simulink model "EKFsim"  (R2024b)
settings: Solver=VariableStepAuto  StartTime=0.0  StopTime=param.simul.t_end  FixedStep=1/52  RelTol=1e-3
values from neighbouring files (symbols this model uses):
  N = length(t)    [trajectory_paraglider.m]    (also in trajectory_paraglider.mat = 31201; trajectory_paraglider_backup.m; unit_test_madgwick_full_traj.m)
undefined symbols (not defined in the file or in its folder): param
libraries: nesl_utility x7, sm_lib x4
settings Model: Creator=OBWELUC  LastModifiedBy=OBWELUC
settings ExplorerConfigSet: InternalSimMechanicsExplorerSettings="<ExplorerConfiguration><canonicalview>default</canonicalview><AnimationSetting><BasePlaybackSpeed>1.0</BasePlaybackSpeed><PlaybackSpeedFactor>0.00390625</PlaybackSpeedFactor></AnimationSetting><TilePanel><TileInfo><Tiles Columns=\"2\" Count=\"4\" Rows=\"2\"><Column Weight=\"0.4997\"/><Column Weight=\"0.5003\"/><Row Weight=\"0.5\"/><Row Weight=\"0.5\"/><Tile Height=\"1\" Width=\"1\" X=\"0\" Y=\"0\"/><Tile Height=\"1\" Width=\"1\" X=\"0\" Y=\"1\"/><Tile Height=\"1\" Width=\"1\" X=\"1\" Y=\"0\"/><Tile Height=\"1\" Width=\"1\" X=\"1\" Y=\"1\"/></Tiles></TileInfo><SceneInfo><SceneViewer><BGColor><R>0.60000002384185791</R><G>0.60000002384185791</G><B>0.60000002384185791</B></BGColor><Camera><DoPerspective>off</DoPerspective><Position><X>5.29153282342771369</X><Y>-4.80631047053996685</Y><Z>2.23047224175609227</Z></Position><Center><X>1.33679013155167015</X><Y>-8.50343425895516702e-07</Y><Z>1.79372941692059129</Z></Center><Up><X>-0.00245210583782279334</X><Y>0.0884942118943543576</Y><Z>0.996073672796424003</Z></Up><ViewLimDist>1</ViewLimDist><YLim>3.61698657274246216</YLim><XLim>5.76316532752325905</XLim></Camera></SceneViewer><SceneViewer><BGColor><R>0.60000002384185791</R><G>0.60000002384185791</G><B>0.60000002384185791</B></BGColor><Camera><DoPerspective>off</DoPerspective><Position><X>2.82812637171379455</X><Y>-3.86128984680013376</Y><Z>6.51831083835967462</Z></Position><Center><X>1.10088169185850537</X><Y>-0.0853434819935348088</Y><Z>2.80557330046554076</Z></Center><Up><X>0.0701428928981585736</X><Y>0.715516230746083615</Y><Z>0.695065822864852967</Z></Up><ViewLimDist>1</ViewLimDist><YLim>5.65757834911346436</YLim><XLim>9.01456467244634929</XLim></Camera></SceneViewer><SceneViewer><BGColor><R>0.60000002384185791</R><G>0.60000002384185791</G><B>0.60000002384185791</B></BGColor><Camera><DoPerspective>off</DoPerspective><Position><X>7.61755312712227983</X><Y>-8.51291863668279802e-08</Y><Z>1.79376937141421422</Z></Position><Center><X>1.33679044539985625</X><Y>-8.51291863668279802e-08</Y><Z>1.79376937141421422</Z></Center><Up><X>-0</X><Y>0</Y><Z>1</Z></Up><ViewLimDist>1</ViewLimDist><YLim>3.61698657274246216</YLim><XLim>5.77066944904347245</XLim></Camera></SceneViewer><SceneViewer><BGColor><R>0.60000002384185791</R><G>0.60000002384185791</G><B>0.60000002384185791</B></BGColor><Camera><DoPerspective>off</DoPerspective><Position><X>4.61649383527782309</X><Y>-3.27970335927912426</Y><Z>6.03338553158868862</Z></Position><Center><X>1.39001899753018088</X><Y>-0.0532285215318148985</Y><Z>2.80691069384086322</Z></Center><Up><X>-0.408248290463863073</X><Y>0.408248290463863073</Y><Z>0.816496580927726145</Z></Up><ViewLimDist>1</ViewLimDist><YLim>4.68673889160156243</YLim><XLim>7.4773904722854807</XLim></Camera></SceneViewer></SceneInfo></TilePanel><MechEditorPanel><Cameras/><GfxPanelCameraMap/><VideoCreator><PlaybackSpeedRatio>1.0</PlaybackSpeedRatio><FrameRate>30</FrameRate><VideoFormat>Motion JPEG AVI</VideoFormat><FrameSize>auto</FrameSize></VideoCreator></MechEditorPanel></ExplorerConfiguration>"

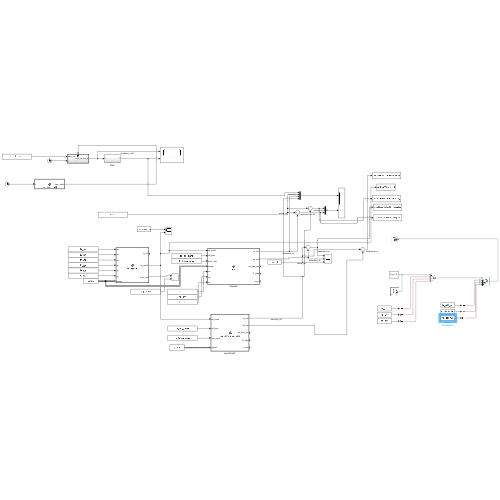
[thumbnail: Simulink's stored preview of the top-level diagram]
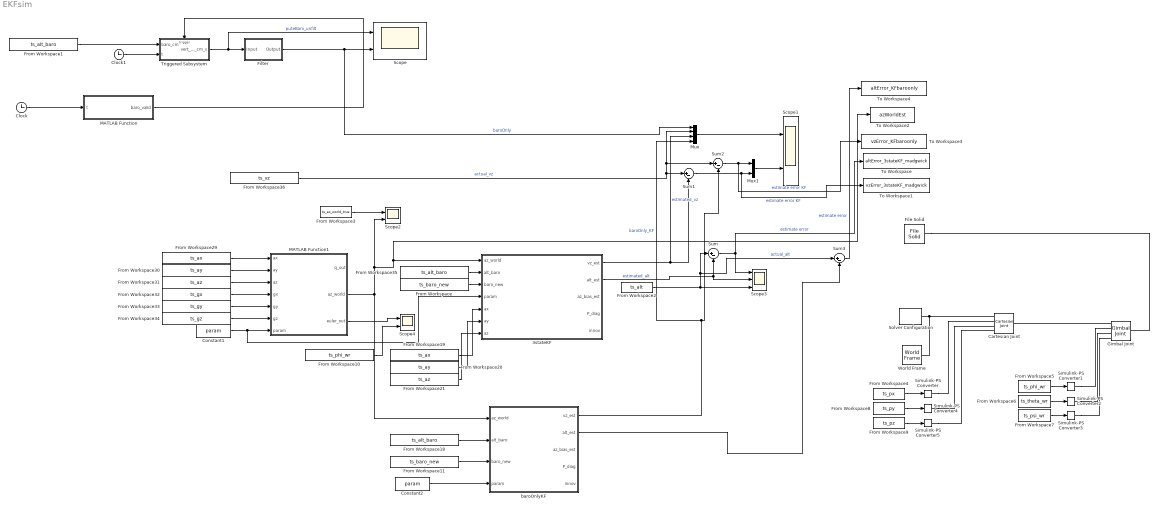
== system EKFsim ==
  3stateKF : MATLAB Function  TreatAsAtomicUnit=on  SystemSampleTime=param.dt_imu
  Cartesian Joint : sm_lib/Joints/Cartesian Joint  JointMode=Normal  CompositeWrenchDir=FollowerOnBase  CompositeWrenchFrame=BaseFrame  SenseConstraintForce=off  SenseConstraintTorque=off  SenseTotalForce=off  SenseTotalTorque=off  PxPositionTargetSpecify=off  PxPositionTargetPriority=High  PxPositionTargetValue=0  PxPositionTargetValueUnits=m  PxVelocityTargetSpecify=off  PxVelocityTargetPriority=High  PxVelocityTargetValue=0  PxVelocityTargetValueUnits=m/s  PxEquilibriumPosition=0  PxEquilibriumPositionUnits=m  PxSpringStiffness=0  PxSpringStiffnessUnits=N/m  PxDampingCoefficient=0  PxDampingCoefficientUnits=N/(m/s)  PxLowerLimitSpecify=off  PxLowerLimitBound=-1  PxLowerLimitBoundUnits=m  PxLowerLimitStiffness=1e6  PxLowerLimitStiffnessUnits=N/m  PxLowerLimitDamping=1e3  PxLowerLimitDampingUnits=N/(m/s)  PxLowerLimitTransitionRegionWidth=1e-4  PxLowerLimitTransitionRegionWidthUnits=m  PxUpperLimitSpecify=off  PxUpperLimitBound=1  PxUpperLimitBoundUnits=m  PxUpperLimitStiffness=1e6  PxUpperLimitStiffnessUnits=N/m  PxUpperLimitDamping=1e3  PxUpperLimitDampingUnits=N/(m/s)  PxUpperLimitTransitionRegionWidth=1e-4  PxUpperLimitTransitionRegionWidthUnits=m  PxTorqueActuationMode=ComputedTorque  PxMotionActuationMode=InputMotion  PxSensePosition=off  PxSenseVelocity=off  PxSenseAcceleration=off  PxSenseTorqueForce=off  PxSenseLowerLimitTorqueForce=off  PxSenseUpperLimitTorqueForce=off  PyPositionTargetSpecify=off  PyPositionTargetPriority=High  PyPositionTargetValue=0  PyPositionTargetValueUnits=m  PyVelocityTargetSpecify=off  PyVelocityTargetPriority=High  PyVelocityTargetValue=0  PyVelocityTargetValueUnits=m/s  PyEquilibriumPosition=0  PyEquilibriumPositionUnits=m  PySpringStiffness=0  PySpringStiffnessUnits=N/m  PyDampingCoefficient=0  PyDampingCoefficientUnits=N/(m/s)  PyLowerLimitSpecify=off  PyLowerLimitBound=-1  PyLowerLimitBoundUnits=m  PyLowerLimitStiffness=1e6  PyLowerLimitStiffnessUnits=N/m  PyLowerLimitDamping=1e3  PyLowerLimitDampingUnits=N/(m/s)  PyLowerLimitTransitionRegionWidth=1e-4  PyLowerLimitTransitionRegionWidthUnits=m  PyUpperLimitSpecify=off  PyUpperLimitBound=1  PyUpperLimitBoundUnits=m  PyUpperLimitStiffness=1e6  PyUpperLimitStiffnessUnits=N/m  PyUpperLimitDamping=1e3  PyUpperLimitDampingUnits=N/(m/s)  PyUpperLimitTransitionRegionWidth=1e-4  PyUpperLimitTransitionRegionWidthUnits=m  PyTorqueActuationMode=ComputedTorque  PyMotionActuationMode=InputMotion  PySensePosition=off  PySenseVelocity=off  PySenseAcceleration=off  PySenseTorqueForce=off  PySenseLowerLimitTorqueForce=off  PySenseUpperLimitTorqueForce=off  PzPositionTargetSpecify=off  PzPositionTargetPriority=High  PzPositionTargetValue=0  PzPositionTargetValueUnits=m  PzVelocityTargetSpecify=off  PzVelocityTargetPriority=High  PzVelocityTargetValue=0  PzVelocityTargetValueUnits=m/s  PzEquilibriumPosition=0  PzEquilibriumPositionUnits=m  PzSpringStiffness=0  PzSpringStiffnessUnits=N/m  PzDampingCoefficient=0  PzDampingCoefficientUnits=N/(m/s)  PzLowerLimitSpecify=off  PzLowerLimitBound=-1  PzLowerLimitBoundUnits=m  PzLowerLimitStiffness=1e6  PzLowerLimitStiffnessUnits=N/m  PzLowerLimitDamping=1e3  PzLowerLimitDampingUnits=N/(m/s)  PzLowerLimitTransitionRegionWidth=1e-4  PzLowerLimitTransitionRegionWidthUnits=m  PzUpperLimitSpecify=off  PzUpperLimitBound=1  PzUpperLimitBoundUnits=m  PzUpperLimitStiffness=1e6  PzUpperLimitStiffnessUnits=N/m  PzUpperLimitDamping=1e3  PzUpperLimitDampingUnits=N/(m/s)  PzUpperLimitTransitionRegionWidth=1e-4  PzUpperLimitTransitionRegionWidthUnits=m  PzTorqueActuationMode=ComputedTorque  PzMotionActuationMode=InputMotion  PzSensePosition=off  PzSenseVelocity=off  PzSenseAcceleration=off  PzSenseTorqueForce=off  PzSenseLowerLimitTorqueForce=off  PzSenseUpperLimitTorqueForce=off
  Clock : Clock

--------------------------------

Brief —
Of the lines in the listing above, count those containing the word "EKFsim", and state the count alone.

Reply —
2